Я продолжала пятиться от двери. Он смотрел на меня… но видел ли он меня вообще? Его бессвязная речь перебивалась какими-то странными звуками, слова сменялись шипением. Медленно, шаг за шагом, он наступал на меня. Я понимала, что больше одного шанса мне не представится, что я обязана как следует использовать этот шанс. Теперь все зависело от моей способности выбрать момент для удара.
– Сейчас у меня будет пир белого мяса… Кто против? Оно уже принадлежит Дамбалис, и кто еще, кроме Его Глашатая, имеет право его съесть.
Он пригнулся, словно огромный кот, и я едва не обманулась, ибо это движение было таким замедленным, что я снова сочла его пьяным. Пальцы его впились в ворот моего платья, и рванули его со страшной силой, раздирая мою одежду, словно она была сделана из тончайшей бумаги. В то же мгновение я взмахнула кочергой и, собрав все силы, обрушила ее на голову Д'Лиса.
Некоторое время я не могла двинуться, просто стояла, пытаясь отдышаться, и глядела на то, что теперь лежало у моих ног. Д'Лис не издал ни звука. Но тот, другой звук – тупой удара… забуду ли я его когда-нибудь? Его взметнувшиеся руки, скрюченные пальцы, цеплявшиеся за бархатное покрывало постели, и как оно потом съехало и укрыло его тело.
Его тело! Я вздрогнула, с отвращением отбросила кочергу, и вытерла руки о юбку. Мне казалось, что мои ладони всегда будут помнить ощущение позолоченного металла. Д'Лис не шевелился и не стонал. Я не могла дотронуться до него, чтобы проверить, остались ли в нем признаки жизни. Я чувствовала, но не позволяла себе осознать – я убила этого человека, испытывая гораздо меньше жалости, чем если бы передо мной было бешеное животное. Для меня он был куда хуже, чем животное.

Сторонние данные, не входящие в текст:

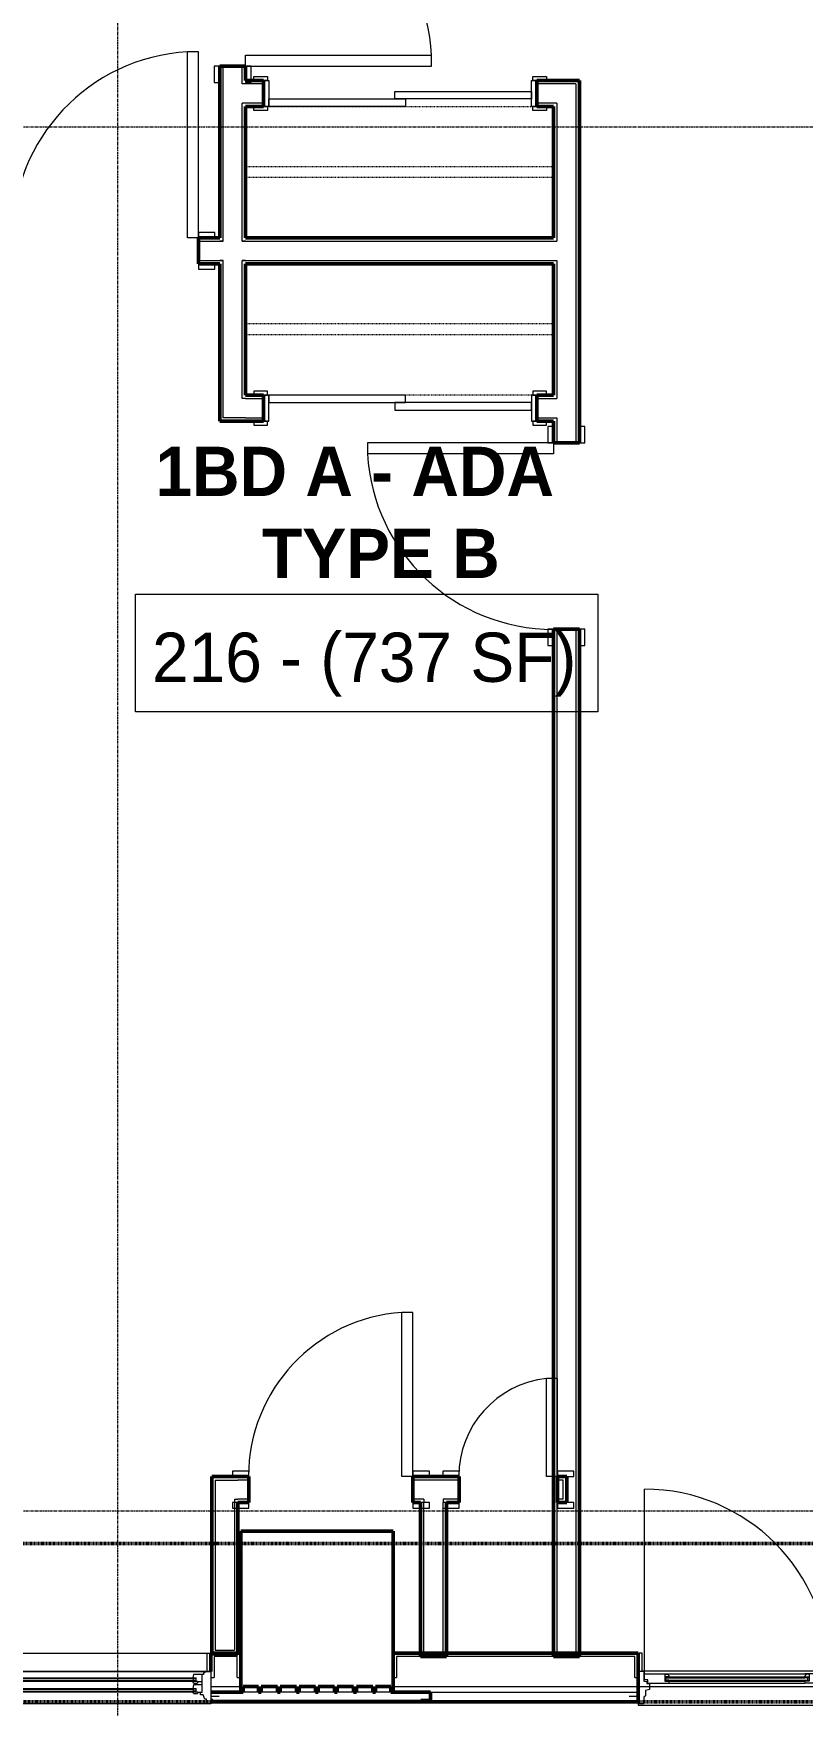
# Model space of a CAD drawing. Header units: inches. Extents: x -4218 to -1830, y 9767 to 12426.
# Drawn here: x -3169.8 to -3029.1, y 11246.7 to 11552.3 of the extents above; entities that cross this region are included whole.
import ezdxf

# ---------------------------------------------------------------- set-up
doc = ezdxf.new("R2010")
doc.units = ezdxf.units.IN
doc.header["$MEASUREMENT"] = 0
for name, pattern in [('Dash', [0.25, 0.125, -0.125]), ('Dash 1_16_', [0.125, 0.0625, -0.0625]), ('Grid Line 1_2_', [0.875, 0.5, -0.125, 0.125, -0.125])]:
    doc.linetypes.add(name, pattern=pattern)
for name, color, linetype, lineweight in [('0-1', 7, 'Continuous', 5), ('0-2', 252, 'Continuous', 9), ('A-AREA-IDEN', 2, 'Continuous', 9), ('A-DOOR-1', 10, 'Continuous', 9), ('A-DOOR-2', 50, 'Continuous', 20), ('A-DOOR-4', 31, 'Continuous', 9), ('A-DOOR-5', 31, 'Continuous', 20), ('A-DOOR-FRAM', 31, 'Continuous', 20), ('A-DOOR-FRAM-1', 50, 'Continuous', 20), ('A-DOOR-FRAM-2', 31, 'Continuous', 9), ('A-DOOR-GLAZ', 31, 'Continuous', 9), ('A-FLOR-4', 192, 'Continuous', 9), ('A-GENM', 5, 'Continuous', 9), ('A-GENM-6', 5, 'Continuous', 50), ('A-GLAZ-1', 151, 'Continuous', 9), ('A-GLAZ-2', 151, 'Continuous', 20), ('A-GLAZ-3', 151, 'Continuous', 50), ('A-WALL', 113, 'Continuous', 13), ('A-WALL-1', 7, 'Continuous', 50), ('A-WALL-2', 250, 'Continuous', 13), ('A-WALL-8', 113, 'Continuous', 50), ('C-PROP-LINE-1', 91, 'Dash 1_16_', 50), ('Q-CASE-HDLN-1', 10, 'Dash', 9), ('S-GRID-1', 1, 'Grid Line 1_2_', 9)]:
    doc.layers.add(name, color=color, linetype=linetype, lineweight=lineweight)
doc.styles.add('Century Gothic', font='ufonts.com_century-gothic.ttf', dxfattribs={"height": 9})
doc.styles.add('Century Gothic_B', font='GOTHICB.TTF', dxfattribs={"height": 9})

# ---------------------------------------------------------------- blocks, each defined once
blk = doc.blocks.new('SWING - SINGLE - FLUSH - 2-10 x 6-8 - PRIVACY-3199407-BACKGROUND - 2ND FLOOR')
at = {"layer": 'A-DOOR-1'}
blk.add_arc((17, 2.37), 34.07, 93.3657, 180, dxfattribs=at)
at = {"layer": 'A-DOOR-2'}
for p, q in [((15, 2.37), (15, 36.38)), ((17, 36.38), (15, 36.38)), ((17, 2.37), (17, 36.38)), ((17, 2.37), (15, 2.37))]:
    blk.add_line(p, q, dxfattribs=at)
at = {"layer": 'A-DOOR-FRAM-1'}
for p, q in [((-17, 3.37), (-20, 3.37)), ((-20, 3.37), (-20, 2.37)), ((-17, 2.37), (-17, 3.37)), ((20, 3.37), (17, 3.37)), ((17, 3.37), (17, 2.37)), ((20, 2.37), (20, 3.37)), ((-20, 2.37), (-17, 2.37)), ((17, 2.37), (20, 2.37)), ((-17, -2.38), (-20, -2.38)), ((-20, -2.38), (-20, -3.38)), ((-17, -3.38), (-17, -2.38)), ((20, -2.38), (17, -2.38)), ((17, -2.38), (17, -3.38)), ((20, -3.38), (20, -2.38)), ((-20, -3.38), (-17, -3.38)), ((17, -3.38), (20, -3.38))]:
    blk.add_line(p, q, dxfattribs=at)
blk = doc.blocks.new('SLIDING - FLUSH - 4-0 x 6-8-3203584-BACKGROUND - 2ND FLOOR')
at = {"layer": 'A-DOOR-1'}
for p, q in [((-24.25, 3), (-26.75, 3)), ((-26.75, 3), (-26.75, 2.25)), ((-26.75, 2.25), (-24.25, 2.25)), ((-24.25, 2.25), (-24.25, 3)), ((24.25, 3), (24.25, 2.25)), ((26.75, 3), (24.25, 3)), ((24.25, 2.25), (26.75, 2.25)), ((26.75, 2.25), (26.75, 3)), ((-24.25, -2.5), (-26.75, -2.5)), ((-26.75, -2.5), (-26.75, -3.25)), ((-24.25, -3.25), (-24.25, -2.5)), ((26.75, -2.5), (24.25, -2.5)), ((24.25, -2.5), (24.25, -3.25)), ((26.75, -3.25), (26.75, -2.5)), ((-26.75, -3.25), (-24.25, -3.25)), ((24.25, -3.25), (26.75, -3.25))]:
    blk.add_line(p, q, dxfattribs=at)
at = {"layer": 'A-DOOR-2'}
for p, q in [((1, 2.25), (-24, 2.25)), ((-24, 2.25), (-24, 0.87)), ((-24, 0.87), (1, 0.87)), ((24, 0.87), (-1, 0.87)), ((-1, 0.87), (-1, -0.5)), ((1, 0.87), (1, 2.25)), ((24, -0.5), (24, 0.87)), ((-1, -0.5), (24, -0.5))]:
    blk.add_line(p, q, dxfattribs=at)
at = {"layer": 'A-DOOR-FRAM-1'}
for p, q in [((-24, 2.25), (-25, 2.25)), ((-25, 2.25), (-25, -2.5)), ((-24, -2.5), (-24, 2.25)), ((25, 2.25), (24, 2.25)), ((24, 2.25), (24, -2.5)), ((25, -2.5), (25, 2.25)), ((-25, -2.5), (-24, -2.5)), ((24, -2.5), (25, -2.5))]:
    blk.add_line(p, q, dxfattribs=at)
blk = doc.blocks.new('OD_CW_Closet - OD_CW_Closet-3086221-BACKGROUND - 2ND FLOOR')
at = {"layer": 'Q-CASE-HDLN-1'}
for p, q in [((0.74, -24), (0.74, 0)), ((0.74, 0), (57.01, 0)), ((57.01, 0), (57.01, -24)), ((0.74, -11), (57.01, -11)), ((0.74, -13), (57.01, -13)), ((57.01, -24), (0.74, -24))]:
    blk.add_line(p, q, dxfattribs=at)
blk = doc.blocks.new('SLIDING - FLUSH - 4-0 x 6-8-3203583-BACKGROUND - 2ND FLOOR')
at = {"layer": 'A-DOOR-1'}
for p, q in [((-26.75, 3.25), (-24.25, 3.25)), ((-26.75, 2.5), (-26.75, 3.25)), ((-24.25, 3.25), (-24.25, 2.5)), ((24.25, 3.25), (26.75, 3.25)), ((24.25, 2.5), (24.25, 3.25)), ((26.75, 3.25), (26.75, 2.5)), ((-24.25, 2.5), (-26.75, 2.5)), ((26.75, 2.5), (24.25, 2.5)), ((-26.75, -2.25), (-24.25, -2.25)), ((-26.75, -3), (-26.75, -2.25)), ((-24.25, -3), (-26.75, -3)), ((-24.25, -2.25), (-24.25, -3)), ((24.25, -2.25), (26.75, -2.25)), ((24.25, -3), (24.25, -2.25)), ((26.75, -3), (24.25, -3)), ((26.75, -2.25), (26.75, -3))]:
    blk.add_line(p, q, dxfattribs=at)
at = {"layer": 'A-DOOR-2'}
for p, q in [((-1, -0.88), (-1, 0.5)), ((-1, 0.5), (24, 0.5)), ((24, 0.5), (24, -0.88)), ((-24, -2.25), (-24, -0.88)), ((-24, -0.88), (1, -0.88)), ((1, -2.25), (-24, -2.25)), ((24, -0.88), (-1, -0.88)), ((1, -0.88), (1, -2.25))]:
    blk.add_line(p, q, dxfattribs=at)
at = {"layer": 'A-DOOR-FRAM-1'}
for p, q in [((-25, -2.25), (-25, 2.5)), ((-25, 2.5), (-24, 2.5)), ((-24, 2.5), (-24, -2.25)), ((24, 2.5), (25, 2.5)), ((24, -2.25), (24, 2.5)), ((25, 2.5), (25, -2.25)), ((-24, -2.25), (-25, -2.25)), ((25, -2.25), (24, -2.25))]:
    blk.add_line(p, q, dxfattribs=at)
blk = doc.blocks.new('SWING - SINGLE - FLUSH - 30_ x 80_ - MAGIC PAK DOOR - ACOUSTICAL SEAL-3199413-BACKGROUND - 2ND FLOOR')
at = {"layer": 'A-DOOR-1'}
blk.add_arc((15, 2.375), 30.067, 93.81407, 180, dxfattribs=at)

Кое-как я доковыляла до туалетного столика и нашла среди груды всяких безделушек булавки, чтобы заколоть прореху на платье. Ноги у меня подгибались, меня жестоко трясло, и я не была уверена, что у меня хватит физических сил выползти из комнаты. Не то, чтобы я недооценивала опасностей этого дома, но все-таки следовало поскорее выбраться из него.
Шатаясь, я вернулась к кровати – колыхало меня, как былинку, – взяла свой плащ и накинула на себя. Затем повернулась к двери, но так и не дошла до нее.